Llegado este punto, parece conveniente traer a colación la doctrina del Gafi sobre las profesiones jurídicas, expresada en la Guía para la aplicación del enfoque basado en el riesgo para las profesiones del ámbito jurídico, de 23 de octubre de 2008, y que dice que “Los abogados son miembros de una profesión regulada y están obligados a cumplir normas y reglas profesionales específicas. Su trabajo es fundamental para la defensa del estado de derecho en los países en los cuales ejercen. Los abogados mantienen una posición única en la sociedad proporcionando el acceso a la ley y a la justicia a los individuos y a las entidades, asesorando a los miembros de la sociedad a comprender sus derechos legales y sus obligaciones cada vez más complejas, y asistiendo a clientes para cumplir la ley. Los abogados tienen sus propios códigos deontológicos y de conducta profesional que los regulan. El incumplimiento de las obligaciones impuestas por ellos pueden dar lugar a una variedad de sanciones, incluyendo las disciplinarias y penales. Las previsiones contenidas en esta Guía, cuando sean aplicadas en cada país, deben respetar el secreto profesional y el privilegio del profesional del ámbito jurídico… Las materias que estarían cubiertas por el secreto profesional de los profesionales del ámbito jurídico y que pueden afectar cualquier obligación con respecto al lavado de dinero y la financiación del terrorismo debe ser determinado por cada país. Asimismo, las reglas deontológicas que imponen obligaciones, los deberes, y las responsabilidades de los profesionales del ámbito jurídico varían en cada país.”

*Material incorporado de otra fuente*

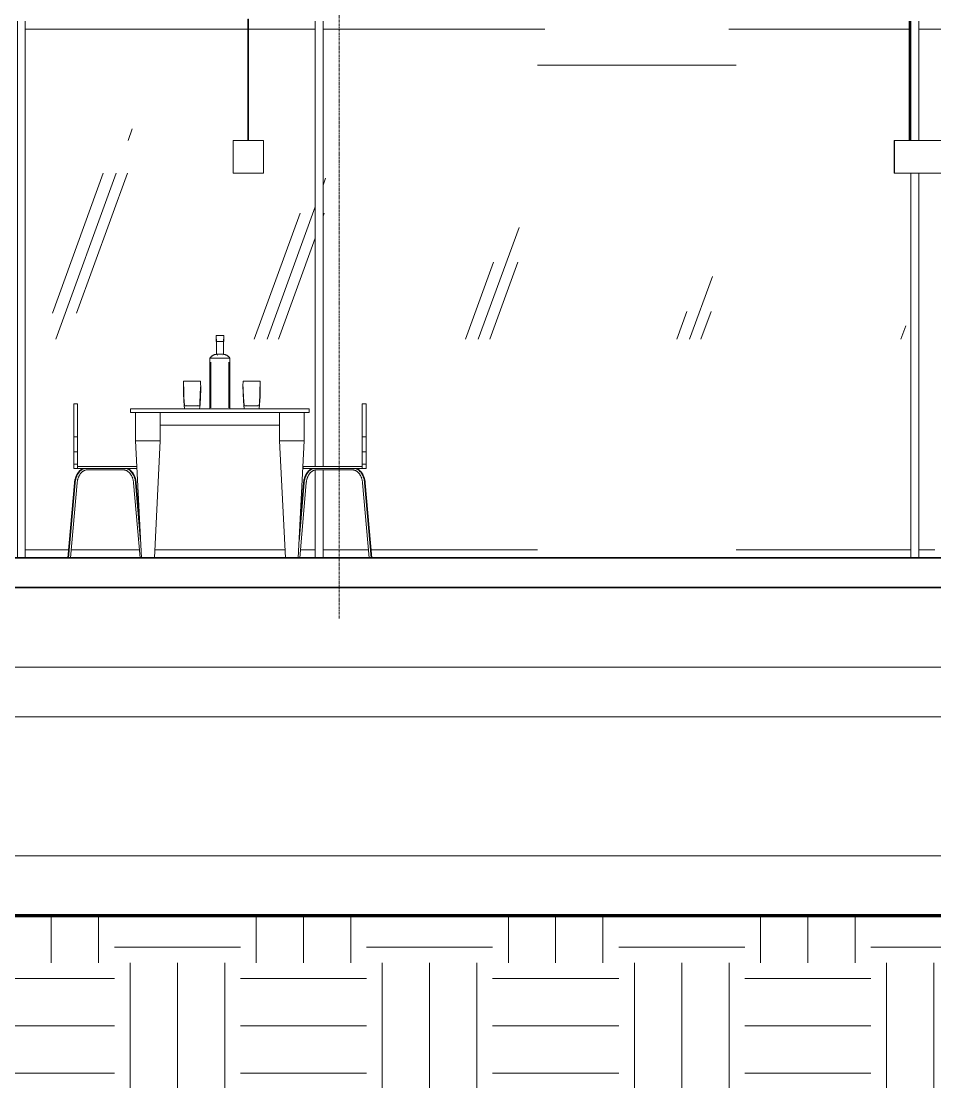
# Model space of a CAD drawing. Header units: millimetres. Extents: x -22400 to 100951, y -3625 to 17206.
# Drawn here: x 46906 to 51506, y -2667 to 2700 of the extents above; entities that cross this region are included whole.
import ezdxf

# ---------------------------------------------------------------- set-up
doc = ezdxf.new("R2010")
doc.units = ezdxf.units.MM
doc.linetypes.add('Dash - Tight', pattern=[4.5, 3, -1.5])
doc.linetypes.add('Grid Line', pattern=[22.225, 12.7, -3.175, 3.175, -3.175])
for name, color, linetype, lineweight in [('A-FLOR', 192, 'Continuous', 9), ('A-FLOR-LEVL', 51, 'Continuous', 9), ('A-GENM', 13, 'Continuous', 9), ('A-GLAZ-CURT', 52, 'Continuous', 9), ('A-GLAZ-CWMG', 51, 'Continuous', 9), ('C-BLDG-PADS', 91, 'Continuous', 9), ('C-TOPO', 7, 'Continuous', 9), ('E-LITE-EQPM', 33, 'Continuous', 9), ('I-FURN', 30, 'Continuous', 9), ('Q-SPCQ', 91, 'Continuous', 9), ('S-COLS', 52, 'Continuous', 9), ('S-GRID', 1, 'Continuous', 9)]:
    doc.layers.add(name, color=color, linetype=linetype, lineweight=lineweight)

# ---------------------------------------------------------------- blocks, each defined once
blk = doc.blocks.new('M_Concrete-Round-Column with Drop Caps - M_1000-469411-Longitudinal Section')
at = {"layer": 'S-COLS'}
for p, q in [((61.9, 2480), (-938.1, 2480)), ((-938.1, 2480), (61.9, 2480))]:
    blk.add_line(p, q, dxfattribs=at)
blk = doc.blocks.new('SH_Lighting-Pendant-Litecontrol-Mod66-8_Foot_09 - P-D-66N28T8-802440-Longitudinal Section')
at = {"layer": 'E-LITE-EQPM'}
for p, q in [((933, 2700), (933, 2100.9)), ((936, 2100.9), (936, 2700)), ((2958.4, 2700), (2958.4, 2100.9)), ((2961.4, 2100.9), (2961.4, 2700)), ((4983.8, 2700), (4983.8, 2100.9)), ((4986.8, 2100.9), (4986.8, 2700)), ((858.3, 1935.8), (858.3, 2100.9)), ((859.9, 2100.9), (858.3, 2100.9)), ((859.9, 2100.9), (859.9, 1935.8)), ((859.9, 1935.8), (859.9, 2100.9)), ((5059.9, 2100.9), (859.9, 2100.9)), ((5059.9, 1935.8), (5059.9, 2100.9)), ((5059.9, 2100.9), (5061.5, 2100.9)), ((5059.9, 2100.9), (5059.9, 1935.8)), ((5061.5, 2100.9), (5061.5, 1935.8)), ((859.9, 1935.8), (858.3, 1935.8)), ((859.9, 1935.8), (5059.9, 1935.8)), ((5059.9, 1935.8), (5061.5, 1935.8))]:
    blk.add_line(p, q, dxfattribs=at)
blk = doc.blocks.new('SH_Lighting-Pendant-Litecontrol-Mod66-8_Foot_09 - P-D-66N28T8-V37-Longitudinal Section')
at = {"layer": 'E-LITE-EQPM'}
for p, q in [((-2396.8, 2710.5), (-2396.8, 2100.9)), ((-2396.8, 2710.5), (-2395.3, 2710.5)), ((-2395.3, 2710.5), (-2393.8, 2710.5)), ((-2393.8, 2100.9), (-2393.8, 2710.5)), ((-2319.1, 2100.9), (-2471.5, 2100.9)), ((-2471.5, 2100.9), (-2471.5, 1935.8)), ((-2319.1, 1935.8), (-2319.1, 2100.9)), ((-2471.5, 1935.8), (-2319.1, 1935.8))]:
    blk.add_line(p, q, dxfattribs=at)
blk = doc.blocks.new('System Panel - Glazed-976966-Longitudinal Section')
at = {"layer": 'A-GLAZ-CURT'}
h = blk.add_hatch(dxfattribs=at)
h.set_pattern_fill('FP_28', color=256, style=0, pattern_type=2)
h.set_pattern_definition([(70, (4719.9, 1850), (-973.9, 248.05), [800, -2500]), (70, (4711.9, 1650), (-973.9, 248.05), [1200, -2100]), (70, (4841.9, 1850), (-973.9, 248.05), [800, -2500])])
h.paths.add_polyline_path([(3981.9, 1100), (5441.9, 1100), (5441.9, 2660), (4986.8, 2660), (4986.8, 2100.9), (5061.5, 2100.9), (5061.5, 1935.8), (3981.9, 1935.8), (3981.9, 1134.4)], flags=0)
h.paths.add_polyline_path([(4169.3, 2100.9), (4983.8, 2100.9), (4983.8, 2660), (3981.9, 2660), (3981.9, 2100.9)], flags=0)
blk = doc.blocks.new('Rectangular Mullion - 64 x 128 rectangular-V42-Longitudinal Section')
at = {"layer": 'A-GLAZ-CWMG'}
for p, q in [((981.9, 2660), (981.9, 2700)), ((2441.9, 2700), (2441.9, 2660)), ((2441.9, 2660), (981.9, 2660))]:
    blk.add_line(p, q, dxfattribs=at)
blk = doc.blocks.new('Rectangular Mullion - 64 x 128 rectangular-V43-Longitudinal Section')
at = {"layer": 'A-GLAZ-CWMG'}
for p, q in [((941.9, 2700), (941.9, 2660)), ((933.5, 2660), (25.9, 2660)), ((941.9, 2660), (935.6, 2660))]:
    blk.add_line(p, q, dxfattribs=at)
blk = doc.blocks.new('Rectangular Mullion - 64 x 128 rectangular-V44-Longitudinal Section')
at = {"layer": 'A-GLAZ-CWMG'}
for p, q in [((-2018.1, 2660), (-2018.1, 2700)), ((-902.1, 2660), (-2018.1, 2660))]:
    blk.add_line(p, q, dxfattribs=at)
blk = doc.blocks.new('Rectangular Mullion - 64 x 128 rectangular-V45-Longitudinal Section')
at = {"layer": 'A-GLAZ-CWMG'}
for p, q in [((-3518.1, 2660), (-3518.1, 2700)), ((-2058.1, 2700), (-2058.1, 2660)), ((-2396.3, 2660), (-3518.1, 2660)), ((-2058.1, 2660), (-2394.2, 2660))]:
    blk.add_line(p, q, dxfattribs=at)
blk = doc.blocks.new('Rectangular Mullion - 64 x 128 rectangular-485517-Longitudinal Section')
at = {"layer": 'A-GLAZ-CWMG'}
for p, q in [((981.9, 0), (981.9, 40)), ((981.9, 40), (1061.9, 40))]:
    blk.add_line(p, q, dxfattribs=at)
blk = doc.blocks.new('Rectangular Mullion - 64 x 128 rectangular-V46-Longitudinal Section')
at = {"layer": 'A-GLAZ-CWMG'}
for p, q in [((61.9, 40), (941.9, 40)), ((941.9, 40), (941.9, 0))]:
    blk.add_line(p, q, dxfattribs=at)
blk = doc.blocks.new('Rectangular Mullion - 64 x 128 rectangular-V47-Longitudinal Section')
at = {"layer": 'A-GLAZ-CWMG'}
for p, q in [((-2018.1, 0), (-2018.1, 40)), ((-2018.1, 40), (-1789.8, 40)), ((-1776.7, 40), (-938.1, 40))]:
    blk.add_line(p, q, dxfattribs=at)
blk = doc.blocks.new('Rectangular Mullion - 64 x 128 rectangular-V48-Longitudinal Section')
at = {"layer": 'A-GLAZ-CWMG'}
for p, q in [((-3518.1, 0), (-3518.1, 40)), ((-3518.1, 40), (-3299.5, 40)), ((-3286.3, 40), (-2943.4, 40)), ((-2866, 40), (-2210.1, 40)), ((-2132.7, 40), (-2058.1, 40)), ((-2058.1, 40), (-2058.1, 0))]:
    blk.add_line(p, q, dxfattribs=at)
blk = doc.blocks.new('Rectangular Mullion - 64 x 128 rectangular-V51-Longitudinal Section')
at = {"layer": 'A-GLAZ-CWMG'}
for p, q in [((941.9, 2700), (941.9, 2100.9)), ((981.9, 2700), (981.9, 2100.9)), ((941.9, 1935.8), (941.9, 0)), ((981.9, 1935.8), (981.9, 0))]:
    blk.add_line(p, q, dxfattribs=at)
blk = doc.blocks.new('Rectangular Mullion - 64 x 128 rectangular-V52-Longitudinal Section')
at = {"layer": 'A-GLAZ-CWMG'}
for p, q in [((-2058.1, 2700), (-2058.1, 460)), ((-2018.1, 2700), (-2018.1, 460)), ((-2058.1, 441.2), (-2058.1, 0)), ((-2018.1, 442.8), (-2018.1, 0))]:
    blk.add_line(p, q, dxfattribs=at)
blk = doc.blocks.new('Rectangular Mullion - 64 x 128 rectangular-V53-Longitudinal Section')
at = {"layer": 'A-GLAZ-CWMG'}
for p, q in [((-3558.1, 2700), (-3558.1, 0)), ((-3518.1, 2700), (-3518.1, 0))]:
    blk.add_line(p, q, dxfattribs=at)
blk = doc.blocks.new('Table-Dining 01 _M_ - 1800 x 900 mm-989329-Longitudinal Section')
at = {"layer": 'I-FURN'}
for p, q in [((-2988.1, 750), (-2088.1, 750)), ((-2988.1, 750), (-2988.1, 732)), ((-2088.1, 732), (-2988.1, 732)), ((-2963.1, 732), (-2963.1, 588)), ((-2838.1, 668), (-2838.1, 732)), ((-2838.1, 588), (-2838.1, 732)), ((-2238.1, 732), (-2238.1, 668)), ((-2238.1, 588), (-2238.1, 732)), ((-2113.1, 732), (-2113.1, 588)), ((-2088.1, 750), (-2088.1, 732)), ((-2238.1, 668), (-2838.1, 668)), ((-2933.1, 0), (-2963.1, 588)), ((-2963.1, 588), (-2838.1, 588)), ((-2838.1, 588), (-2963.1, 588)), ((-2868.1, 0), (-2838.1, 588)), ((-2238.1, 588), (-2113.1, 588)), ((-2238.1, 588), (-2208.1, 0)), ((-2113.1, 588), (-2238.1, 588)), ((-2113.1, 588), (-2143.1, 0))]:
    blk.add_line(p, q, dxfattribs=at)
blk = doc.blocks.new('Dining Chair _3_ - Dining Chair _3_-990622-Longitudinal Section')
at = {"layer": 'I-FURN', "lineweight": 18}
for p, q in [((-3274.3, 769), (-3274.3, 775.5)), ((-3254.3, 775.5), (-3274.3, 775.5)), ((-3274.3, 609.5), (-3274.3, 769)), ((-3254.3, 775.5), (-3254.3, 769)), ((-3254.3, 769), (-3254.3, 609.5)), ((-3274.3, 607.1), (-3274.3, 609.5)), ((-3254.3, 609.5), (-3274.3, 609.5)), ((-3274.3, 534.1), (-3274.3, 607.1)), ((-3254.3, 609.5), (-3254.3, 607.1)), ((-3254.3, 607.1), (-3254.3, 534.1)), ((-3274.3, 471.7), (-3274.3, 534.1)), ((-3254.3, 534.1), (-3274.3, 534.1)), ((-3254.3, 534.1), (-3254.3, 471.7)), ((-3274.3, 450), (-3274.3, 471.7)), ((-3254.3, 471.7), (-3274.3, 471.7)), ((-3254.3, 450), (-3274.3, 450)), ((-3255.6, 460), (-2957, 460)), ((-2957, 450), (-3255.6, 450)), ((-3254.3, 471.7), (-3254.3, 450)), ((-2957, 460), (-2957, 450))]:
    blk.add_line(p, q, dxfattribs=at)
at = {"layer": 'I-FURN'}
for p, q in [((-3207.4, 442.6), (-3205.7, 442.6)), ((-3205.7, 442.6), (-3107.8, 442.6)), ((-3121.9, 442.6), (-3024, 442.6)), ((-3118.4, 442.6), (-3114, 442.6)), ((-3115.7, 442.6), (-3111.3, 442.6)), ((-3024, 442.6), (-3022.3, 442.6)), ((-3270.3, 377.8), (-3303.1, 0.4)), ((-3266.8, 377.8), (-3299.6, 0.4)), ((-3289.6, 0), (-3256.8, 376.9)), ((-2972.9, 376.9), (-2940.1, 0)), ((-2937.3, 82.6), (-2962.9, 377.8)), ((-2942.3, 181.4), (-2959.4, 377.8))]:
    blk.add_line(p, q, dxfattribs=at)
at = {"layer": 'I-FURN', "flags": 128}
for points in [[(-3224.4, 450), (-3226.7, 449.1), (-3229.1, 448.1), (-3231.5, 446.9), (-3233.8, 445.6), (-3236.1, 444.2), (-3238.3, 442.6), (-3240.5, 440.9), (-3242.6, 439.1), (-3244.6, 437.2), (-3246.6, 435.2), (-3248.5, 433.1), (-3250.4, 430.9), (-3252.2, 428.6), (-3253.9, 426.2), (-3255.5, 423.7), (-3257.1, 421.1), (-3258.6, 418.5), (-3260, 415.7), (-3261.4, 412.9), (-3262.6, 410), (-3263.8, 407.1), (-3264.8, 404.1), (-3265.8, 401), (-3266.7, 397.9), (-3267.6, 394.8), (-3268.3, 391.6), (-3268.9, 388.4), (-3269.5, 385.1), (-3269.9, 381.8), (-3270.3, 378.5), (-3270.3, 377.8)], [(-3220.9, 450), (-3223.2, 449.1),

Por lo que se refiere a España, pues, hay que tener en cuenta en primer lugar que el Estatuto de la Abogacía, en su artículo 5, se refiere al Secreto profesional del abogado de la siguiente manera: La confianza y confidencialidad en las relaciones entre cliente y abogado, ínsita en el derecho de aquél a su integridad y a no declarar en su contra, así como en derechos fundamentales de terceros, impone al abogado el deber y le confiere el derecho de guardar secreto respecto de todos los hechos o noticias que conozca por razón de cualquiera de las modalidades de su actuación profesional, sin que pueda ser obligado a declarar sobre los mismos como reconoce el artículo 437.2 de la vigente Ley Orgánica del Poder Judicial.
Y el actual artículo 542, antiguo 437.2 citado, de la Ley Orgánica del Poder Judicial dice:
“1. Corresponde en exclusiva la denominación y función de abogado al licenciado en Derecho que ejerza profesionalmente la dirección y defensa de las partes en toda clase de procesos, o el asesoramiento y consejo jurídico.
2. En su actuación ante los juzgados y tribunales, los abogados son libres e independientes, se sujetarán al principio de buena fe, gozarán de los derechos inherentes a la dignidad de su función y serán amparados por aquéllos en su libertad de expresión y defensa.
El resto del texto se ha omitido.